Stored data:
__________________________________________________

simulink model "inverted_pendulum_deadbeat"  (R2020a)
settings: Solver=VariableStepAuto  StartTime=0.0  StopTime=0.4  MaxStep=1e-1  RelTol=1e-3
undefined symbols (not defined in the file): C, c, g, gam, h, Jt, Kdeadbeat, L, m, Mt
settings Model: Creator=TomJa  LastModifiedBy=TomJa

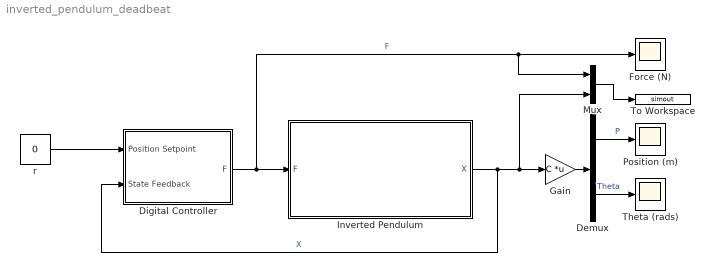
== system inverted_pendulum_deadbeat ==
  Demux : Demux  Outputs=2
  Digital Controller : Subsystem
  Force (N) : Scope
  Gain : Gain  Gain=C  Multiplication=Matrix(K*u)
  Inverted Pendulum : Subsystem
  Mux : Mux  Inputs=2
  Position (m) : Scope
  Theta (rads) : Scope
  To Workspace : ToWorkspace  VariableName=simout  SaveFormat=Timeseries  SampleTime=-1
  r : Constant  Value=0
  wires:
  Digital Controller/1(F) -> Mux/1, Force (N)/1, Inverted Pendulum/1(F)  "F"
  r/1 -> Digital Controller/1(Position Setpoint)
  Inverted Pendulum/1(X) -> Mux/2, Gain/1, Digital Controller/2(State Feedback)  "X"
  Demux/1 -> Position (m)/1  "P"
  Demux/2 -> Theta (rads)/1  "Theta"
  Gain/1 -> Demux/1
  Mux/1 -> To Workspace/1

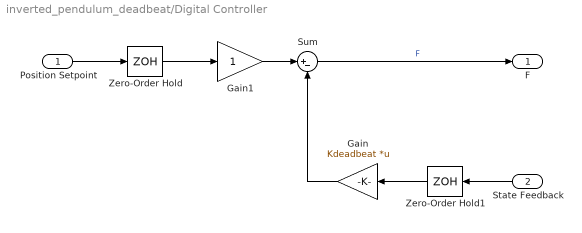
== system inverted_pendulum_deadbeat/Digital Controller ==
  Position Setpoint : Inport
  State Feedback : Inport  Port=2
  Gain : Gain  Gain=Kdeadbeat  Multiplication=Matrix(K*u)
  Gain1 : Gain
  Sum : Sum  Inputs=|+-
  Zero-Order Hold : ZeroOrderHold  SampleTime=h
  Zero-Order Hold1 : ZeroOrderHold  SampleTime=h
  F : Outport  PortDimensions=1
  wires:
  Gain1/1 -> Sum/1
  State Feedback/1 -> Zero-Order Hold1/1
  Position Setpoint/1 -> Zero-Order Hold/1
  Zero-Order Hold/1 -> Gain1/1
  Zero-Order Hold1/1 -> Gain/1
  Gain/1 -> Sum/2
  Sum/1 -> F/1  "F"

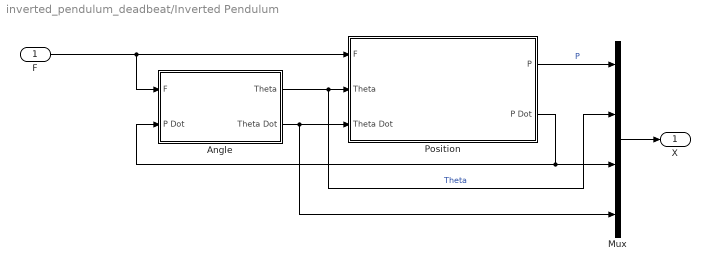
== system inverted_pendulum_deadbeat/Inverted Pendulum ==
  F : Inport
  Angle : Subsystem
  Mux : Mux
  Position : Subsystem
  X : Outport
  wires:
  Angle/1(Theta) -> Mux/2, Position/2(Theta)  "Theta"
  Position/2(P Dot) -> Angle/2(P Dot), Mux/3
  Angle/2(Theta Dot) -> Mux/4, Position/3(Theta Dot)
  Position/1(P) -> Mux/1  "P"
  F/1 -> Position/1(F), Angle/1(F)
  Mux/1 -> X/1

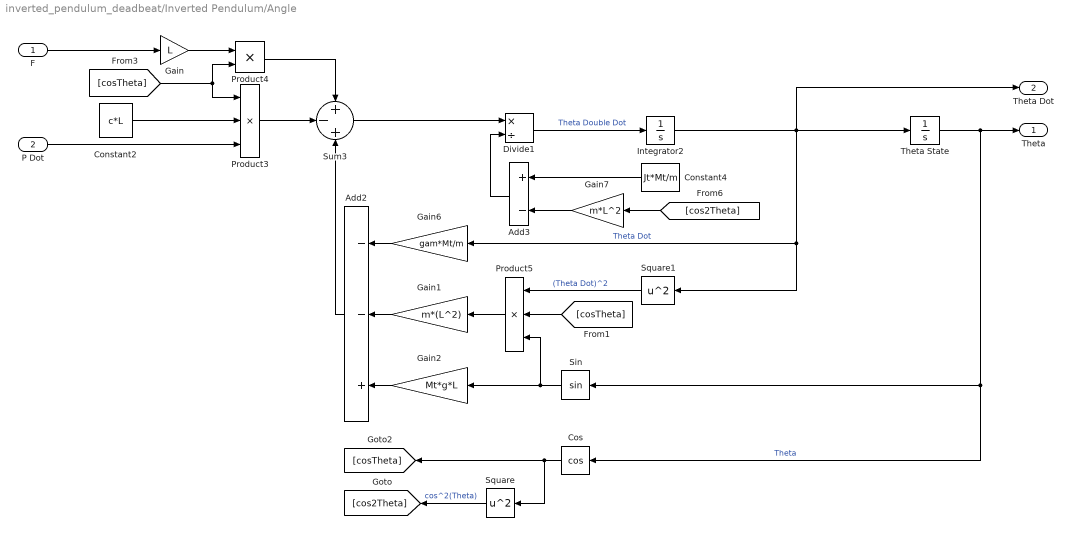
== system inverted_pendulum_deadbeat/Inverted Pendulum/Angle ==
  F : Inport  PortDimensions=1
  P Dot : Inport  Port=2  PortDimensions=1
  Add2 : Sum  Inputs=--+
  Add3 : Sum  Inputs=+-
  Constant2 : Constant  Value=c*L
  Constant4 : Constant  Value=Jt*Mt/m
  Cos : Trigonometry  Operator=cos
  Divide1 : Product  Inputs=*/
  Gain : Gain  Gain=L
  Gain1 : Gain  Gain=m*(L^2)
  Gain2 : Gain  Gain=Mt*g*L
  Gain6 : Gain  Gain=gam*Mt/m
  Gain7 : Gain  Gain=m*L^2
  Integrator2 : Integrator
  Product3 : Product  Inputs=3
  Product4 : Product
  Product5 : Product  Inputs=3
  Sin : Trigonometry
  Square : Math  Operator=square  SaturateOnIntegerOverflow=on
  Square1 : Math  Operator=square  SaturateOnIntegerOverflow=on
  Sum3 : Sum  Inputs=+-+
  Theta State : Integrator  InitialCondition=0.2  WrapState=on
  Theta : Outport  PortDimensions=1
  Theta Dot : Outport  Port=2  PortDimensions=1
  wires:
  Cos/1 -> [cosTheta], Square/1
  Product5/1 -> Gain1/1
  Product4/1 -> Sum3/1
  Add3/1 -> Divide1/2
  Sin/1 -> Gain2/1, Product5/3
  Theta State/1 -> Theta/1, Cos/1, Sin/1  "Theta"
  Square/1 -> [cos2Theta]  "cos^2(Theta)"
  P Dot/1 -> Product3/3
  Integrator2/1 -> Gain6/1, Square1/1, Theta Dot/1, Theta State/1  "Theta Dot"
  Gain6/1 -> Add2/1
  [cos2Theta] -> Gain7/1
  Constant2/1 -> Product3/2
  Gain/1 -> Product4/1
  [cosTheta] -> Product5/2
  Add2/1 -> Sum3/3
  Square1/1 -> Product5/1  "(Theta Dot)^2"
  F/1 -> Gain/1
  Product3/1 -> Sum3/2
  [cosTheta] -> Product4/2, Product3/1
  Sum3/1 -> Divide1/1
  Gain7/1 -> Add3/2
  Divide1/1 -> Integrator2/1  "Theta Double Dot"
  Gain2/1 -> Add2/3
  Constant4/1 -> Add3/1
  Gain1/1 -> Add2/2

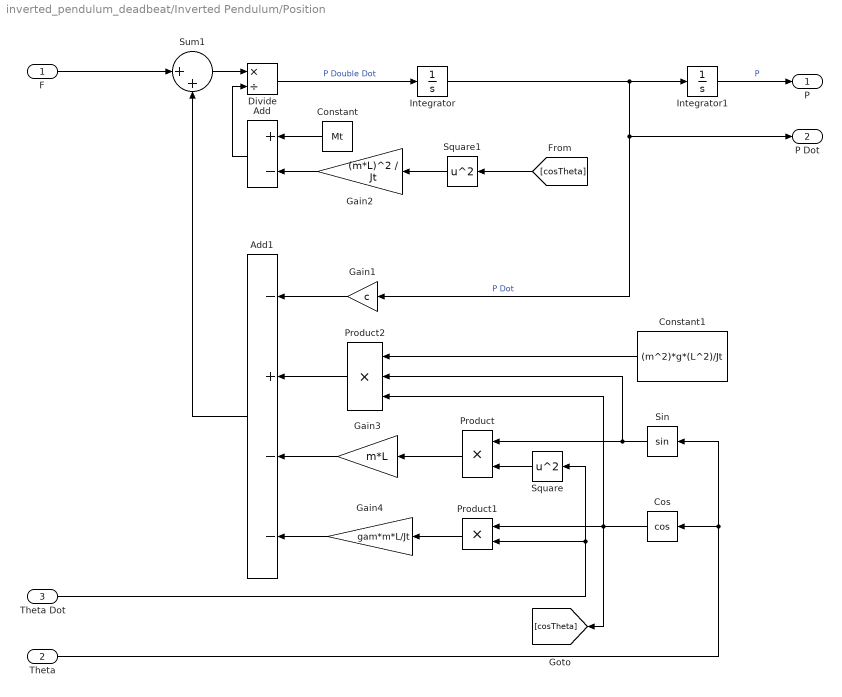
== system inverted_pendulum_deadbeat/Inverted Pendulum/Position ==
  F : Inport
  Theta : Inport  Port=2
  Theta Dot : Inport  Port=3
  Add : Sum  Inputs=+-
  Add1 : Sum  Inputs=-+--
  Constant : Constant  Value=Mt
  Constant1 : Constant  Value=(m^2)*g*(L^2)/Jt
  Cos : Trigonometry  Operator=cos
  Divide : Product  Inputs=*/
  Gain1 : Gain  Gain=c
  Gain2 : Gain  Gain=(m*L)^2 / Jt
  Gain3 : Gain  Gain=m*L
  Gain4 : Gain  Gain=gam*m*L/Jt
  Integrator : Integrator
  Integrator1 : Integrator  InitialCondition=0.1
  Product : Product
  Product1 : Product
  Product2 : Product  Inputs=3
  Sin : Trigonometry
  Square : Math  Operator=square  SaturateOnIntegerOverflow=on
  Square1 : Math  Operator=square  SaturateOnIntegerOverflow=on
  Sum1 : Sum  Inputs=|++
  P : Outport  PortDimensions=1
  P Dot : Outport  Port=2  PortDimensions=1
  wires:
  Constant/1 -> Add/1
  Sin/1 -> Product2/2, Product/1
  Product/1 -> Gain3/1
  Sum1/1 -> Divide/1
  Cos/1 -> [cosTheta], Product2/3, Product1/1
  Theta Dot/1 -> Square/1, Product1/2
  Gain1/1 -> Add1/1
  Add/1 -> Divide/2
  Gain2/1 -> Add/2
  Add1/1 -> Sum1/2
  Integrator/1 -> P Dot/1, Gain1/1, Integrator1/1  "P Dot"
  Gain3/1 -> Add1/3
  Gain4/1 -> Add1/4
  F/1 -> Sum1/1
  Product1/1 -> Gain4/1
  Product2/1 -> Add1/2
  Constant1/1 -> Product2/1
  Square/1 -> Product/2
  Integrator1/1 -> P/1  "P"
  Theta/1 -> Sin/1, Cos/1
  Square1/1 -> Gain2/1
  [cosTheta] -> Square1/1
  Divide/1 -> Integrator/1  "P Double Dot"
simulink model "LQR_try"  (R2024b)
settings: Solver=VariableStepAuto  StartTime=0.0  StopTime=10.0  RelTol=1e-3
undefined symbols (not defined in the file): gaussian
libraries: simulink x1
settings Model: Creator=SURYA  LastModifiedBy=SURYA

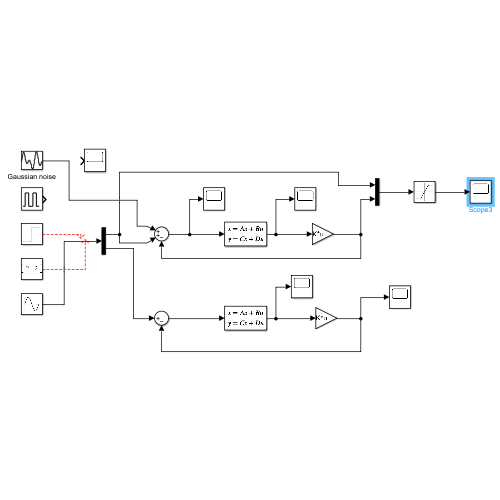
[thumbnail: Simulink's stored preview of the top-level diagram]
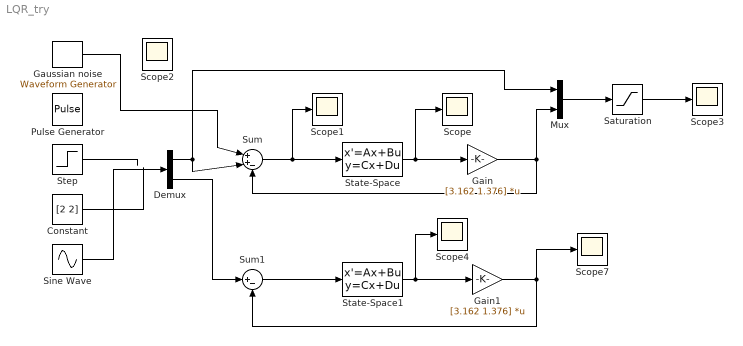
== system LQR_try ==
  Constant : Constant  Value=[2 2]
  Demux : Demux  Outputs=2
  Gain : Gain  Gain=[3.162 1.376]  Multiplication=Matrix(K*u)
  Gain1 : Gain  Gain=[3.162 1.376]  Multiplication=Matrix(K*u)
  Gaussian noise : simulink/Sources/Waveform Generator  OutMin=[]  OutMax=[]  OutDataTypeStr=double  SelectedSignal=1  Signals=gaussian('Mean', 0, 'Variance', 0.0001, 'Seed', 0)  BlockNames=MultiportSwitch_04da44c66e3142f  SampleTime=0.1
  Mux : Mux  Inputs=2
  Pulse Generator : DiscretePulseGenerator  PulseType=Time based  Amplitude=[1 1]  Period=10  PulseWidth=5
  Saturation : Saturate  UpperLimit=6
  Scope{,1..4,7} (6 alike) : Scope
  Sine Wave : Sin  Amplitude=[1 1]  SampleTime=0
  State-Space : StateSpace  A=[0 1; 0 0]  B=[0; 7.07]  C=[1 0; 0 1]  D=[0; 0]  InitialCondition=[0; 0]
  State-Space1 : StateSpace  A=[0 1; 0 0]  B=[0; 7.07]  C=[1 0; 0 1]  D=[0; 0]  InitialCondition=[0; 0]
  Step : Step  Before=[0 0]  After=[1 1]  SampleTime=0
  Sum : Sum  Inputs=|++-
  Sum1 : Sum  Inputs=|+-
  wires:
  Sum/1 -> Scope1/1, State-Space/1
  State-Space/1 -> Scope/1, Gain/1
  Demux/1 -> Mux/1, Sum/2
  Gain/1 -> Mux/2, Sum/3
  State-Space1/1 -> Gain1/1, Scope4/1
  Sum1/1 -> State-Space1/1
  Demux/2 -> Sum1/1
  Gain1/1 -> Sum1/2, Scope7/1
  Step/1 -> ?
  Mux/1 -> Saturation/1
  Saturation/1 -> Scope3/1
  Constant/1 -> ?
  Gaussian noise/1 -> Sum/1
  Sine Wave/1 -> Demux/1
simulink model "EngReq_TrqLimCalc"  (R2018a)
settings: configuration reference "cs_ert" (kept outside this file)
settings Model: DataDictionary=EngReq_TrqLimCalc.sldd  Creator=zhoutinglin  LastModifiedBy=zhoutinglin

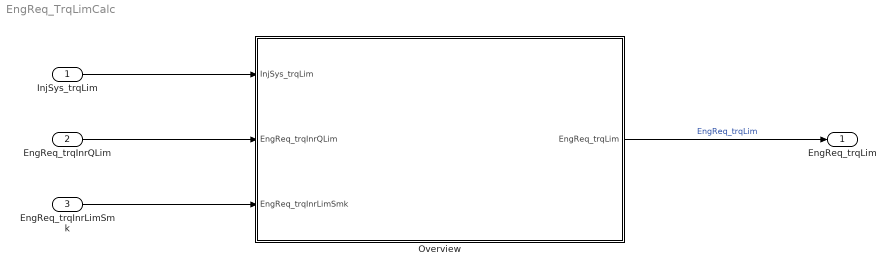
== system EngReq_TrqLimCalc ==
  InjSys_trqLim : Inport  Description=Torque limitation of injection system  OutMin=-3276.8  OutMax=3276.7  OutDataTypeStr=Torq  Unit=Nm  PortDimensions=[1 1]
  EngReq_trqInrQLim : Inport  Description=Limiting torque due to limitation quantities (except smoke limitation)  Port=2  OutMin=-3276.8  OutMax=3276.7  OutDataTypeStr=Torq  Unit=Nm  PortDimensions=[1 1]
  EngReq_trqInrLimSmk : Inport  Description=Limiting torque smoke limit  Port=3  OutMin=-3276.8  OutMax=3276.7  OutDataTypeStr=Torq  Unit=Nm  PortDimensions=[1 1]
  Overview : Subsystem
  EngReq_trqLim : Outport
  wires:
  InjSys_trqLim/1 -> Overview/1(InjSys_trqLim)
  EngReq_trqInrQLim/1 -> Overview/2(EngReq_trqInrQLim)
  EngReq_trqInrLimSmk/1 -> Overview/3(EngReq_trqInrLimSmk)
  Overview/1(EngReq_trqLim) -> EngReq_trqLim/1  "EngReq_trqLim"

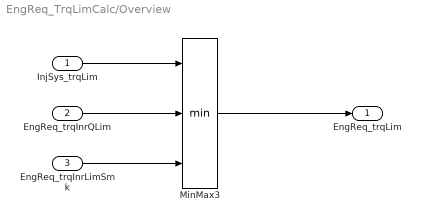
== system EngReq_TrqLimCalc/Overview ==
  InjSys_trqLim : Inport  Tag=Nm
  EngReq_trqInrQLim : Inport  Tag=Nm  Port=2
  EngReq_trqInrLimSmk : Inport  Tag=Nm  Port=3
  MinMax3 : MinMax  Inputs=3  InputSameDT=on
  EngReq_trqLim : Outport  Tag=Nm
  wires:
  EngReq_trqInrQLim/1 -> MinMax3/2
  InjSys_trqLim/1 -> MinMax3/1
  MinMax3/1 -> EngReq_trqLim/1
  EngReq_trqInrLimSmk/1 -> MinMax3/3

__________________________________________________

## EXERCISE PROMPT
Only those lines running from the one containing "MinMax3 : MinMax" through the last line of the data above are to be copied, exactly, with both ends included.

## TASK RESPONSE
  MinMax3 : MinMax  Inputs=3  InputSameDT=on
  EngReq_trqLim : Outport  Tag=Nm
  wires:
  EngReq_trqInrQLim/1 -> MinMax3/2
  InjSys_trqLim/1 -> MinMax3/1
  MinMax3/1 -> EngReq_trqLim/1
  EngReq_trqInrLimSmk/1 -> MinMax3/3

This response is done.